Similar trends are also shown in health care ROI models. For example, a growing body of evidence shows that quality health care can reduce direct medical costs while also reducing employers’ indirect costs due to increased absenteeism and decreased productivity.4 More generally, health care ROI models usually show a sizable reduction in costs. At the same time, they also show a shortening of hospital stays and/or other quality-of-life improvements. Depending on the topic, ROI models may even predict a substantial number of lives saved.
Although the above trends are decidedly positive, there are a few caveats. First, there are occasions when health care investment does not result in positive fiscal ROI. Some medications and procedures are so expensive that they cannot be repaid or justified solely on financial grounds. Rather, such medications and procedures are justified on humanitarian grounds, e.g., we provide a transplant because it prolongs life, not because it reduces overall costs. Second, even when the positive ROI trend does hold, there are still winners and losers in the quality contest. For example, there are hospitals that score worse on medical errors, unnecessary procedures, or complications (e.g., higher nosocomial infection rates). Third, who gets the cost savings associated with improved quality of care? It depends. The benefits of cost savings are not necessarily shared equally. In some cases, the savings go to the employer. In other cases, the savings accrue to health care providers, to health insurance companies, or to the government (Medicare and Medicaid). These caveats aside, there is no denying that investments in health care quality lead to substantial quality of life benefits. Preventative care, wellness programs, disease management programs, timely screening, and appropriate drug treatment show increasing evidence that they help both employees and employers - both in the human sense that people are healthier and in the fiscal sense that health care costs are reduced.
Profitable link
For over 10 years, patient satisfaction research and now ROI modeling have shown a robust and profitable link between doing what is good for patients and bottom line financial results.5 Over the next 10 years, we believe that this link will become further documented by market researchers who continue to demonstrate the combined fiscal and human ROI of health care investments.
References
1 To Err is Human: Building a Safer Health System.
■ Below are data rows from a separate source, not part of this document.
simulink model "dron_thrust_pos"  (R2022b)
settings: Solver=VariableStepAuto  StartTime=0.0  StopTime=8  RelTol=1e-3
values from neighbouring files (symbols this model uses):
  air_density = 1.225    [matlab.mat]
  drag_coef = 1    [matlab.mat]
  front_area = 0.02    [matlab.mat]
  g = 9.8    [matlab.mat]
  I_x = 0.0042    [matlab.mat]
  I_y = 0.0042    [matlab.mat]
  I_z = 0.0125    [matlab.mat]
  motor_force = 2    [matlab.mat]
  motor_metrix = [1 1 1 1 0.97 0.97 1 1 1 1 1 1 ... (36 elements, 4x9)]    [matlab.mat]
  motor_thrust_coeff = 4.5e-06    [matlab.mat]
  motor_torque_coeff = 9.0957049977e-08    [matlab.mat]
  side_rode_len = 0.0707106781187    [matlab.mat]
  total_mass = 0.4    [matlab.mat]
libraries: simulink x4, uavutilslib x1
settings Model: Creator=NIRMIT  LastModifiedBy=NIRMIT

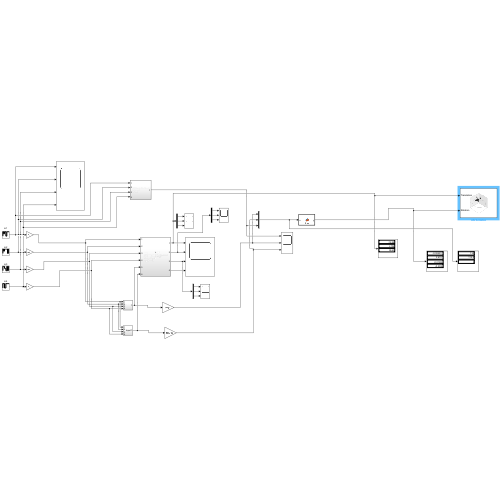
[thumbnail: Simulink's stored preview of the top-level diagram]
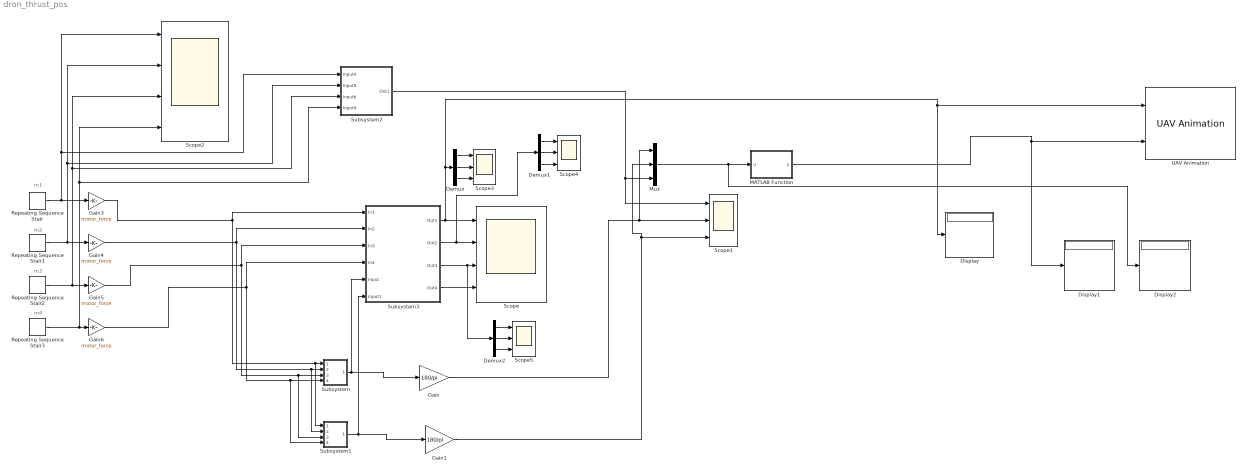
== system dron_thrust_pos ==
  note: m4
  note: m3
  note: m2
  note: m1
  Demux : Demux  Outputs=3
  Demux1 : Demux  Outputs=3
  Demux2 : Demux  Outputs=3
  Display : Display
  Display1 : Display
  Display2 : Display
  Gain : Gain  Gain=180/pi
  Gain1 : Gain  Gain=180/pi
  Gain{3..6} (4 alike) : Gain  Gain=motor_force
  MATLAB Function : MATLAB Function  TreatAsAtomicUnit=on
  Mux : Mux  Inputs=3
  Repeating Sequence Stair : simulink/Sources/Repeating Sequence Stair  OutValues=motor_metrix(1,:)  tsamp=1  OutMin=[]  OutMax=[]  OutDataTypeStr=double  OutputDataTypeScalingMode=double  OutDataType=fixdt(0,8)  ConRadixGroup=Best Precision: Vector-wise  OutScaling=2^-12
  Repeating Sequence Stair1 : simulink/Sources/Repeating Sequence Stair  OutValues=motor_metrix(2,:)  tsamp=1  OutMin=[]  OutMax=[]  OutDataTypeStr=double  OutputDataTypeScalingMode=double  OutDataType=fixdt(0,8)  ConRadixGroup=Best Precision: Vector-wise  OutScaling=2^-12
  Repeating Sequence Stair2 : simulink/Sources/Repeating Sequence Stair  OutValues=motor_metrix(3,:)  tsamp=1  OutMin=[]  OutMax=[]  OutDataTypeStr=double  OutputDataTypeScalingMode=double  OutDataType=fixdt(0,8)  ConRadixGroup=Best Precision: Vector-wise  OutScaling=2^-12
  Repeating Sequence Stair3 : simulink/Sources/Repeating Sequence Stair  OutValues=motor_metrix(4,:)  tsamp=1  OutMin=[]  OutMax=[]  OutDataTypeStr=double  OutputDataTypeScalingMode=double  OutDataType=fixdt(0,8)  ConRadixGroup=Best Precision: Vector-wise  OutScaling=2^-12
  Scope : Scope  NumInputPorts=4
  Scope{1,3..5} (4 alike) : Scope  NumInputPorts=3
  Scope2 : Scope  NumInputPorts=4
  Subsystem : Subsystem
  Subsystem1 : Subsystem
  Subsystem2 : Subsystem
  Subsystem3 : Subsystem
  UAV Animation : uavutilslib/UAV Animation  UAVType=Multirotor  UAVSize=1  InertialZDirection=Up  SampleTime=-1
  wires:
  Gain3/1 -> Subsystem1/1(In1), Subsystem/1(Input), Subsystem3/1(In1)
  Gain4/1 -> Subsystem3/2(In2), Subsystem1/2(In3), Subsystem/2(Input1)
  Gain5/1 -> Subsystem3/3(In3), Subsystem/3(Input2), Subsystem1/3(In4)
  Gain6/1 -> Subsystem3/4(In4), Subsystem/4(Input3), Subsystem1/4(In2)
  Subsystem2/1(Out1) -> Mux/3, Scope1/1
  Subsystem/1(Out1) -> Gain/1, Subsystem3/5(Input)
  Subsystem1/1(Input1) -> Subsystem3/6(Input1), Gain1/1
  Repeating Sequence Stair3/1 -> Scope2/4, Subsystem2/4(Input9), Gain6/1
  Repeating Sequence Stair2/1 -> Gain5/1, Scope2/3, Subsystem2/3(Input6)
  Repeating Sequence Stair1/1 -> Gain4/1, Scope2/2, Subsystem2/2(Input8)
  Repeating Sequence Stair/1 -> Gain3/1, Scope2/1, Subsystem2/1(Input4)
  Subsystem3/2(Out2) -> Demux1/1, Scope/2
  Subsystem3/3(Out3) -> Demux2/1, Scope/3
  Subsystem3/4(Out4) -> Scope/4
  Gain/1 -> Mux/1, Scope1/2
  Gain1/1 -> Mux/2, Scope1/3
  Demux/2 -> Scope3/2
  Demux/1 -> Scope3/1
  Demux/3 -> Scope3/3
  Demux1/1 -> Scope4/1
  Demux1/2 -> Scope4/2
  Demux1/3 -> Scope4/3
  Demux2/1 -> Scope5/1
  Demux2/2 -> Scope5/2
  Demux2/3 -> Scope5/3
  Mux/1 -> Display2/1, MATLAB Function/1(u)
  MATLAB Function/1(y) -> Display1/1, UAV Animation/2
  Subsystem3/1(Out1) -> UAV Animation/1, Display/1, Demux/1, Scope/1

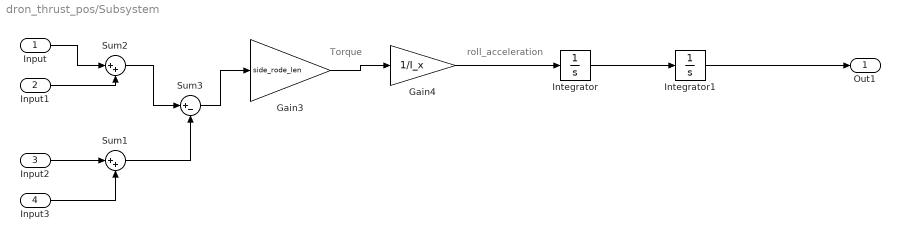
== system dron_thrust_pos/Subsystem ==
  note: roll_acceleration
  note: Torque
  Input : Inport
  Input1 : Inport  Port=2
  Input2 : Inport  Port=3
  Input3 : Inport  Port=4
  Gain3 : Gain  Gain=side_rode_len
  Gain4 : Gain  Gain=1/I_x
  Integrator : Integrator
  Integrator1 : Integrator
  Sum1 : Sum  Inputs=|++
  Sum2 : Sum  Inputs=|++
  Sum3 : Sum  Inputs=|+-
  Out1 : Outport
  wires:
  Input1/1 -> Sum2/2
  Input/1 -> Sum2/1
  Gain3/1 -> Gain4/1
  Input2/1 -> Sum1/1
  Input3/1 -> Sum1/2
  Sum1/1 -> Sum3/2
  Sum2/1 -> Sum3/1
  Sum3/1 -> Gain3/1
  Gain4/1 -> Integrator/1
  Integrator/1 -> Integrator1/1
  Integrator1/1 -> Out1/1

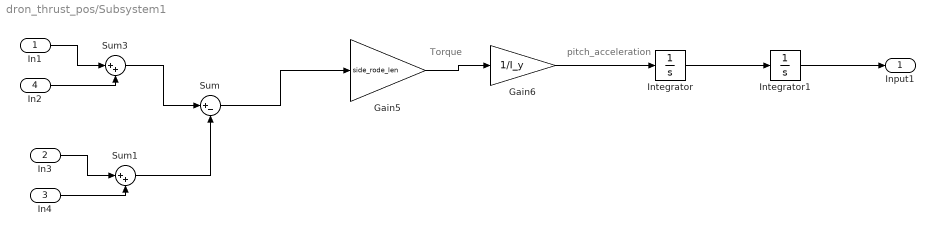
== system dron_thrust_pos/Subsystem1 ==
  note: Torque
  note: pitch_acceleration
  In1 : Inport
  In3 : Inport  Port=2
  In4 : Inport  Port=3
  In2 : Inport  Port=4
  Gain5 : Gain  Gain=side_rode_len
  Gain6 : Gain  Gain=1/I_y
  Integrator : Integrator
  Integrator1 : Integrator
  Sum : Sum  Inputs=|+-
  Sum1 : Sum  Inputs=|++
  Sum3 : Sum  Inputs=|++
  Input1 : Outport
  wires:
  Gain5/1 -> Gain6/1
  In2/1 -> Sum3/2
  In1/1 -> Sum3/1
  In3/1 -> Sum1/1
  In4/1 -> Sum1/2
  Sum1/1 -> Sum/2
  Sum3/1 -> Sum/1
  Sum/1 -> Gain5/1
  Gain6/1 -> Integrator/1
  Integrator/1 -> Integrator1/1
  Integrator1/1 -> Input1/1

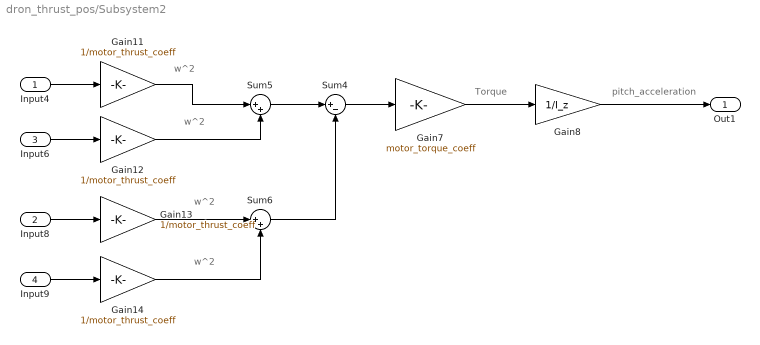
== system dron_thrust_pos/Subsystem2 ==
  note: w^2
  note: Torque
  note: pitch_acceleration
  note: w^2
  note: w^2
  note: w^2
  Input4 : Inport
  Input8 : Inport  Port=2
  Input6 : Inport  Port=3
  Input9 : Inport  Port=4
  Gain{11..14} (4 alike) : Gain  Gain=1/motor_thrust_coeff
  Gain7 : Gain  Gain=motor_torque_coeff
  Gain8 : Gain  Gain=1/I_z
  Sum4 : Sum  Inputs=|+-
  Sum5 : Sum  Inputs=|++
  Sum6 : Sum  Inputs=|++
  Out1 : Outport
  wires:
  Input6/1 -> Gain12/1
  Input8/1 -> Gain13/1
  Sum6/1 -> Sum4/2
  Sum4/1 -> Gain7/1
  Input9/1 -> Gain14/1
  Gain14/1 -> Sum6/2
  Gain11/1 -> Sum5/1
  Gain13/1 -> Sum6/1
  Sum5/1 -> Sum4/1
  Gain12/1 -> Sum5/2
  Gain7/1 -> Gain8/1
  Input4/1 -> Gain11/1
  Gain8/1 -> Out1/1

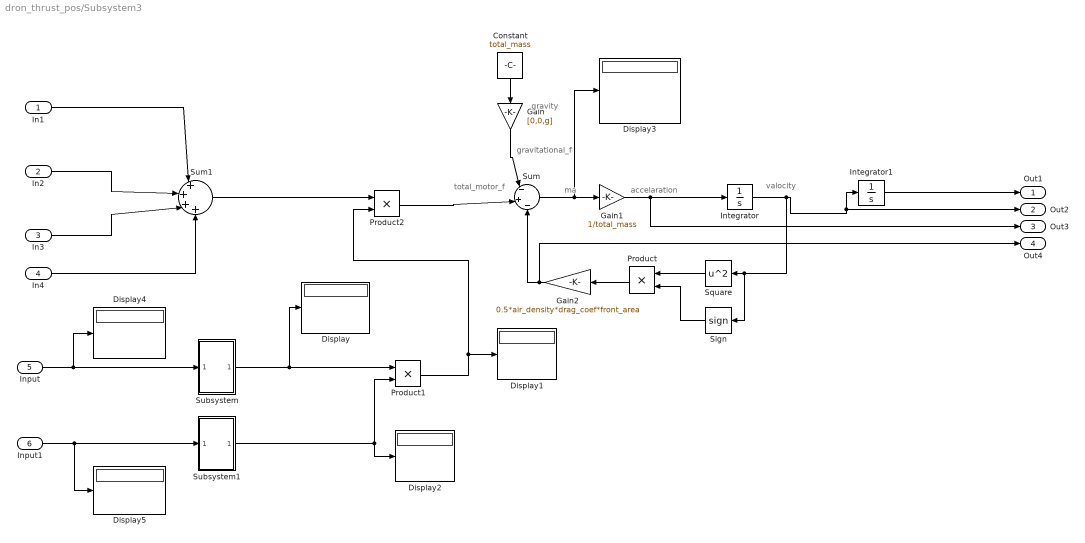
== system dron_thrust_pos/Subsystem3 ==
  note: valocity
  note: accelaration
  note: ma
  note: gravitational_f
  note: total_motor_f
  note: gravity
  In1 : Inport
  In2 : Inport  Port=2
  In3 : Inport  Port=3
  In4 : Inport  Port=4
  Input : Inport  Port=5
  Input1 : Inport  Port=6
  Constant : Constant  Value=total_mass
  Display{,1..5} (6 alike) : Display
  Gain : Gain  Gain=[0,0,g]
  Gain1 : Gain  Gain=1/total_mass
  Gain2 : Gain  Gain=0.5*air_density*drag_coef*front_area
  Integrator : Integrator
  Integrator1 : Integrator
  Product : Product
  Product1 : Product
  Product2 : Product
  Sign : Signum
  Square : Math  Operator=square
  Subsystem : Subsystem
  Subsystem1 : Subsystem
  Sum : Sum  Inputs=|-|+|-
  Sum1 : Sum  Inputs=|+|+|+|+
  Out1 : Outport
  Out2 : Outport  Port=2
  Out3 : Outport  Port=3
  Out4 : Outport  Port=4
  wires:
  Gain1/1 -> Out3/1, Integrator/1
  Gain2/1 -> Out4/1, Sum/3
  Sign/1 -> Product/2
  Sum/1 -> Display3/1, Gain1/1
  Constant/1 -> Gain/1
  In1/1 -> Sum1/1
  Gain/1 -> Sum/1
  Product/1 -> Gain2/1
  Integrator/1 -> Sign/1, Square/1, Out2/1, Integrator1/1
  Square/1 -> Product/1
  Integrator1/1 -> Out1/1
  In4/1 -> Sum1/4
  In3/1 -> Sum1/3
  In2/1 -> Sum1/2
  Input/1 -> Display4/1, Subsystem/1(In1)
  Subsystem/1(Out1) -> Display/1, Product1/1
  Input1/1 -> Display5/1, Subsystem1/1(In1)
  Subsystem1/1(Out1) -> Display2/1, Product1/2
  Product2/1 -> Sum/2
  Product1/1 -> Display1/1, Product2/2
  Sum1/1 -> Product2/1

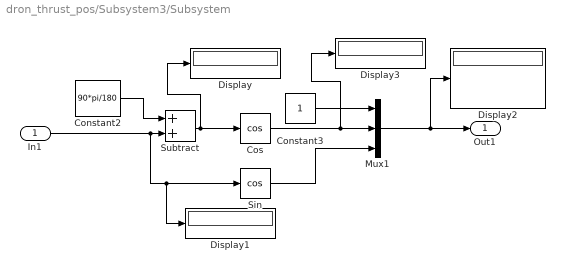
== system dron_thrust_pos/Subsystem3/Subsystem ==
  In1 : Inport
  Constant2 : Constant  Value=90*pi/180
  Constant3 : Constant
  Cos : Trigonometry  Operator=cos
  Display{,1..3} (4 alike) : Display
  Mux1 : Mux  Inputs=3
  Sin : Trigonometry  Operator=cos
  Subtract : Sum
  Out1 : Outport
  wires:
  Constant3/1 -> Mux1/1
  Constant2/1 -> Subtract/1
  Sin/1 -> Mux1/3
  Cos/1 -> Display3/1, Mux1/2
  Subtract/1 -> Display/1, Cos/1
  Mux1/1 -> Display2/1, Out1/1
  In1/1 -> Display1/1, Sin/1, Subtract/2

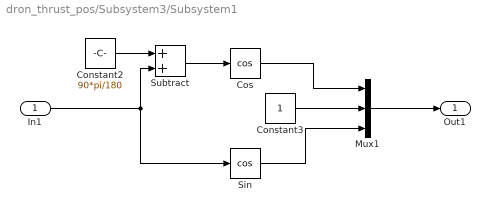
== system dron_thrust_pos/Subsystem3/Subsystem1 ==
  In1 : Inport
  Constant2 : Constant  Value=90*pi/180
  Constant3 : Constant
  Cos : Trigonometry  Operator=cos
  Mux1 : Mux  Inputs=3
  Sin : Trigonometry  Operator=cos
  Subtract : Sum
  Out1 : Outport
  wires:
  Cos/1 -> Mux1/1
  Sin/1 -> Mux1/3
  In1/1 -> Sin/1, Subtract/2
  Mux1/1 -> Out1/1
  Constant2/1 -> Subtract/1
  Subtract/1 -> Cos/1
  Constant3/1 -> Mux1/2

== matlab function dron_thrust_pos/MATLAB Function ==
  data: u input; y output
function y = fcn(u)
y = eul2quat(u');
end

Institute of Medicine, Washington D.C., 1999.
2 Schoen, C. & How, SKW. (2006). “National Scorecard on U.S. Health Systems Performance: Technical Report.” The Commonwealth Fund Commission on High Performance Health Systems.
3 Fisher, E.S. (2006). “Variations in the Costs and Quality of Medical Care: Is More Always Better?” Dartmouth Medical School for the Dartmouth Atlas Project www.unitedhealthfoundation.org/ahr2006/commentary/hcs.html.
4 Goetzel, R.Z., Ozminkowski, R.J., Villagra, V.G., Duffy, J. (2005). Return on Investment in Disease Management: A Review. Health Care Financing Review, 26 (4).
5 Anne-Marie Nelson, Steven D. Wood, Stephen W. Brown, Sheryl Bronkesh, and Zachary Gerbarg, Improving Patient Satisfaction Now: How to Earn Patient and Payer Loyalty. Gaithersburg, Md.: Aspen Publishers, Inc., 1997.